Task prompt — Please output, exactly and without pictures, the lines from the opening of the listing below through the line containing "# Not quite", both included.

Data to examine —
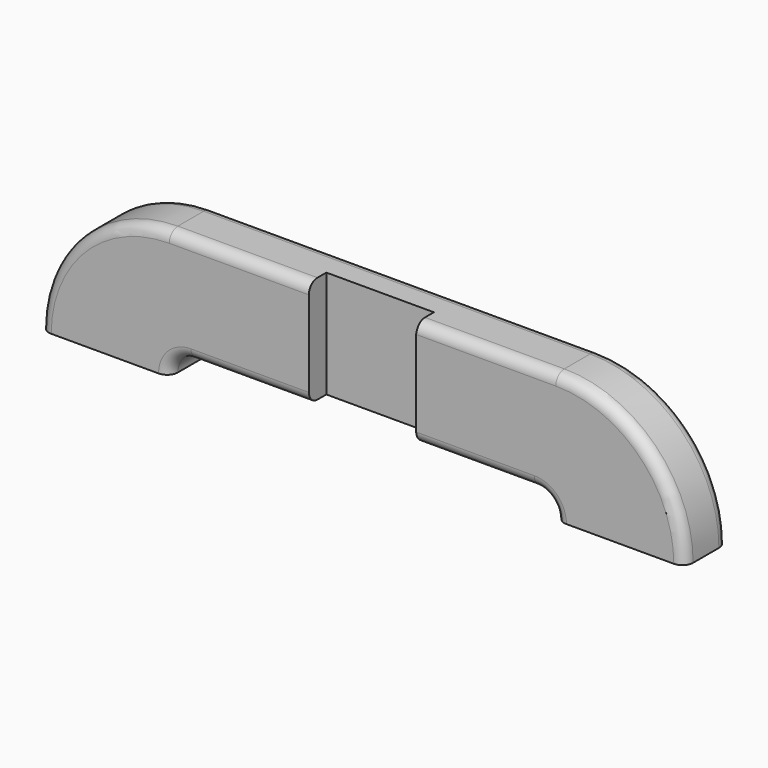
from build123d import *

# Parameters (mm, degrees)
F0_W         = 90
F0_H         = 50
F1_DEPTH     = 25
F2_R         = 59.99999
F3_R         = 9.99999
F4_R         = 9.99999
F5_R         = 59.99999
F6_T1_DEPTH  = 12.50001
F6_T3_DEPTH  = 180.00002
F6_T6_ANGLE  = 90
F6_T8_ANGLE  = 90
F7_T1_DEPTH  = 12.50001
F7_T3_DEPTH  = 180.00002
F7_T6_ANGLE  = 90
F7_T8_ANGLE  = 90
F8_T1_DEPTH  = 160.00002
F8_T3_DEPTH  = 12.50001
F8_T6_ANGLE  = 90
F8_T8_ANGLE  = 90
F8_T10_ANGLE = 90
F8_T12_ANGLE = 90
F9_W         = 50
F9_H         = 5
F9_H_2       = 40
F10_DEPTH    = 10
F13_W        = 50
F13_H        = 10
F14_DEPTH    = 60.001
F16_DEPTH    = 10


# Not quite as in the source:
# - a fillet or chamfer that OpenCascade refuses, or shapes differently, is made with other operations: its cross-section is extruded or revolved along the edge and cut away or added
# - a fillet or chamfer is up to 0.001 mm smaller than in the source, because OpenCascade refuses the exact size


with BuildPart() as f1:
    # F0 (on Front) → F1 (new body)
    with BuildSketch(Plane.XZ):
        with Locations((45, 0)):
            Rectangle(F0_W, F0_H)
        Polygon((150, 25), (90, 25), (90, -25), (90, -35), (150, -35), align=None)
        with Locations((-45, 0)):
            Rectangle(F0_W, F0_H)
        Polygon((-90, -25), (-90, 25), (-150, 25), (-150, -35), (-90, -35), align=None)
    extrude(amount=F1_DEPTH)

    # F2 (radius 60 in the source; OpenCascade refuses exactly that, so slightly less here)
    f2_edges = [f1.edges().sort_by_distance(p)[0] for p in [
        (-150, -12.5, 25),
    ]]
    fillet(f2_edges, radius=F2_R)

    # F3 (radius 10 in the source; OpenCascade refuses exactly that, so slightly less here)
    f3_edges = [f1.edges().sort_by_distance(p)[0] for p in [
        (-90, -12.5, -25),
    ]]
    fillet(f3_edges, radius=F3_R)

    # F4 (radius 10 in the source; OpenCascade refuses exactly that, so slightly less here)
    f4_edges = [f1.edges().sort_by_distance(p)[0] for p in [
        (90, -12.5, -25),
    ]]
    fillet(f4_edges, radius=F4_R)

    # F5 (radius 60 in the source; OpenCascade refuses exactly that, so slightly less here)
    f5_edges = [f1.edges().sort_by_distance(p)[0] for p in [
        (150, -12.5, 25),
    ]]
    fillet(f5_edges, radius=F5_R)

    # F6: fillet of radius 5 on 1 edges, made by hand

    # F6_s2 → F6_t1 (cut)
    with BuildSketch(Plane.XY.offset(-47.5)):
        with BuildLine():
            ThreePointArc((150, -20), (148.5355339059, -23.5355339059), (145, -25))
            Line((145, -25), (150, -25))
            Line((150, -25), (150, -20))
        make_face()
        with BuildLine():
            ThreePointArc((-150, -20), (-148.5355339059, -23.5355339059), (-145, -25))
            Line((-145, -25), (-150, -25))
            Line((-150, -25), (-150, -20))
        make_face()
    extrude(amount=F6_T1_DEPTH, mode=Mode.SUBTRACT)

    # F6_s4 → F6_t3 (cut)
    with BuildSketch(Plane.YZ.offset(-90.00001)):
        with BuildLine():
            ThreePointArc((-20, 25), (-23.5355339059, 23.5355339059), (-25, 20))
            Line((-25, 20), (-25, 25))
            Line((-25, 25), (-20, 25))
        make_face()
    extrude(amount=F6_T3_DEPTH, mode=Mode.SUBTRACT)

    # F6_s5 → F6_t6 (revolve, cut)
    with BuildSketch(Plane.XY.offset(-34.99999)):
        with BuildLine():
            ThreePointArc((150, -20), (148.5355339059, -23.5355339059), (145, -25))
            Line((145, -25), (150, -25))
            Line((150, -25), (150, -20))
        make_face()
    revolve(axis=Axis((90.00001, -25, -34.99999), (0, -1, 0)), revolution_arc=F6_T6_ANGLE, mode=Mode.SUBTRACT)

    # F6_s7 → F6_t8 (revolve, cut)
    with BuildSketch(Plane.YZ.offset(-90.00001)):
        with BuildLine():
            ThreePointArc((-20, 25), (-23.5355339059, 23.5355339059), (-25, 20))
            Line((-25, 20), (-25, 25))
            Line((-25, 25), (-20, 25))
        make_face()
    revolve(axis=Axis((-90.00001, -25, -34.99999), (0, -1, 0)), revolution_arc=F6_T8_ANGLE, mode=Mode.SUBTRACT)

    # F7: fillet of radius 5 on 1 edges, made by hand

    # F7_s2 → F7_t1 (cut)
    with BuildSketch(Plane.XY.offset(-47.5)):
        with BuildLine():
            ThreePointArc((145, 0), (148.5355339059, -1.4644660941), (150, -5))
            Line((150, -5), (150, 0))
            Line((150, 0), (145, 0))
        make_face()
        with BuildLine():
            ThreePointArc((-145, 0), (-148.5355339059, -1.4644660941), (-150, -5))
            Line((-150, -5), (-150, 0))
            Line((-150, 0), (-145, 0))
        make_face()
    extrude(amount=F7_T1_DEPTH, mode=Mode.SUBTRACT)

    # F7_s4 → F7_t3 (cut)
    with BuildSketch(Plane.YZ.offset(-90.00001)):
        with BuildLine():
            ThreePointArc((0, 20), (-1.4644660941, 23.5355339059), (-5, 25))
            Line((-5, 25), (0, 25))
            Line((0, 25), (0, 20))
        make_face()
    extrude(amount=F7_T3_DEPTH, mode=Mode.SUBTRACT)

    # F7_s5 → F7_t6 (revolve, cut)
    with BuildSketch(Plane.XY.offset(-34.99999)):
        with BuildLine():
            ThreePointArc((145, 0), (148.5355339059, -1.4644660941), (150, -5))
            Line((150, -5), (150, 0))
            Line((150, 0), (145, 0))
        make_face()
    revolve(axis=Axis((90.00001, 0, -34.99999), (0, -1, 0)), revolution_arc=F7_T6_ANGLE, mode=Mode.SUBTRACT)

    # F7_s7 → F7_t8 (revolve, cut)
    with BuildSketch(Plane.YZ.offset(-90.00001)):
        with BuildLine():
            ThreePointArc((0, 20), (-1.4644660941, 23.5355339059), (-5, 25))
            Line((-5, 25), (0, 25))
            Line((0, 25), (0, 20))
        make_face()
    revolve(axis=Axis((-90.00001, 0, -34.99999), (0, -1, 0)), revolution_arc=F7_T8_ANGLE, mode=Mode.SUBTRACT)

    # F8: fillet of radius 5 on 2 edges, made by hand

    # F8_s2 → F8_t1 (cut)
    with BuildSketch(Plane.YZ.offset(-80.00001)):
        with BuildLine():
            ThreePointArc((-20, -25), (-23.5355339059, -23.5355339059), (-25, -20))
            Line((-25, -20), (-25, -25))
            Line((-25, -25), (-20, -25))
        make_face()
        with BuildLine():
            ThreePointArc((0, -20), (-1.4644660941, -23.5355339059), (-5, -25))
            Line((-5, -25), (0, -25))
            Line((0, -25), (0, -20))
        make_face()
    extrude(amount=F8_T1_DEPTH, mode=Mode.SUBTRACT)

    # F8_s4 → F8_t3 (cut)
    with BuildSketch(Plane.XY.offset(-47.5)):
        with BuildLine():
            ThreePointArc((90, -20), (91.4644660941, -23.5355339059), (95, -25))
            Line((95, -25), (90, -25))
            Line((90, -25), (90, -20))
        make_face()
        with BuildLine():
            ThreePointArc((-90, -20), (-91.4644660941, -23.5355339059), (-95, -25))
            Line((-95, -25), (-90, -25))
            Line((-90, -25), (-90, -20))
        make_face()
        with BuildLine():
            ThreePointArc((95, 0), (91.4644660941, -1.4644660941), (90, -5))
            Line((90, -5), (90, 0))
            Line((90, 0), (95, 0))
        make_face()
        with BuildLine():
            ThreePointArc((-95, 0), (-91.4644660941, -1.4644660941), (-90, -5))
            Line((-90, -5), (-90, 0))
            Line((-90, 0), (-95, 0))
        make_face()
    extrude(amount=F8_T3_DEPTH, mode=Mode.SUBTRACT)

    # F8_s5 → F8_t6 (revolve, cut)
    with BuildSketch(Plane.YZ.offset(80.00001)):
        with BuildLine():
            ThreePointArc((0, -20), (-1.4644660941, -23.5355339059), (-5, -25))
            Line((-5, -25), (0, -25))
            Line((0, -25), (0, -20))
        make_face()
    revolve(axis=Axis((80.00001, 0, -34.99999), (0, 1, 0)), revolution_arc=F8_T6_ANGLE, mode=Mode.SUBTRACT)

    # F8_s7 → F8_t8 (revolve, cut)
    with BuildSketch(Plane.XY.offset(-34.99999)):
        with BuildLine():
            ThreePointArc((-90, -20), (-91.4644660941, -23.5355339059), (-95, -25))
            Line((-95, -25), (-90, -25))
            Line((-90, -25), (-90, -20))
        make_face()
    revolve(axis=Axis((-80.00001, -25, -34.99999), (0, 1, 0)), revolution_arc=F8_T8_ANGLE, mode=Mode.SUBTRACT)

    # F8_s9 → F8_t10 (revolve, cut)
    with BuildSketch(Plane.YZ.offset(80.00001)):
        with BuildLine():
            ThreePointArc((-20, -25), (-23.5355339059, -23.5355339059), (-25, -20))
            Line((-25, -20), (-25, -25))
            Line((-25, -25), (-20, -25))
        make_face()
    revolve(axis=Axis((80.00001, -25, -34.99999), (0, 1, 0)), revolution_arc=F8_T10_ANGLE, mode=Mode.SUBTRACT)

    # F8_s11 → F8_t12 (revolve, cut)
    with BuildSketch(Plane.XY.offset(-34.99999)):
        with BuildLine():
            ThreePointArc((-95, 0), (-91.4644660941, -1.4644660941), (-90, -5))
            Line((-90, -5), (-90, 0))
            Line((-90, 0), (-95, 0))
        make_face()
    revolve(axis=Axis((-80.00001, 0, -34.99999), (0, 1, 0)), revolution_arc=F8_T12_ANGLE, mode=Mode.SUBTRACT)

    # F9 (on face) → F10 (join)
    with BuildSketch(Plane.XZ.offset(25)):
        with Locations((0, -22.5)):
            Rectangle(F9_W, F9_H)
        with Locations((0, 22.5)):
            Rectangle(F9_W, F9_H)
        Rectangle(F9_W, F9_H_2)
    extrude(amount=-F10_DEPTH)

    # F13 (on face) → F14 (cut, through all)
    with BuildSketch(Plane.XY.offset(25)):
        with Locations((0.0907536596, -19.8229007973)):
            Rectangle(F13_W, F13_H)
    extrude(amount=-F14_DEPTH, mode=Mode.SUBTRACT)

    # F15 (on face) → F16 (cut)
    with BuildSketch(Plane.XZ.offset(25)):
        Polygon((25, 25), (-25, 25), (-25, 20), (-25, -20), (-25, -25), (25, -25), (25, -20), (25, 20), align=None)
    extrude(amount=-F16_DEPTH, mode=Mode.SUBTRACT)


solid = f1.part

Written solution —
from build123d import *

# Parameters (mm, degrees)
F0_W         = 90
F0_H         = 50
F1_DEPTH     = 25
F2_R         = 59.99999
F3_R         = 9.99999
F4_R         = 9.99999
F5_R         = 59.99999
F6_T1_DEPTH  = 12.50001
F6_T3_DEPTH  = 180.00002
F6_T6_ANGLE  = 90
F6_T8_ANGLE  = 90
F7_T1_DEPTH  = 12.50001
F7_T3_DEPTH  = 180.00002
F7_T6_ANGLE  = 90
F7_T8_ANGLE  = 90
F8_T1_DEPTH  = 160.00002
F8_T3_DEPTH  = 12.50001
F8_T6_ANGLE  = 90
F8_T8_ANGLE  = 90
F8_T10_ANGLE = 90
F8_T12_ANGLE = 90
F9_W         = 50
F9_H         = 5
F9_H_2       = 40
F10_DEPTH    = 10
F13_W        = 50
F13_H        = 10
F14_DEPTH    = 60.001
F16_DEPTH    = 10


# Not quite as in the source:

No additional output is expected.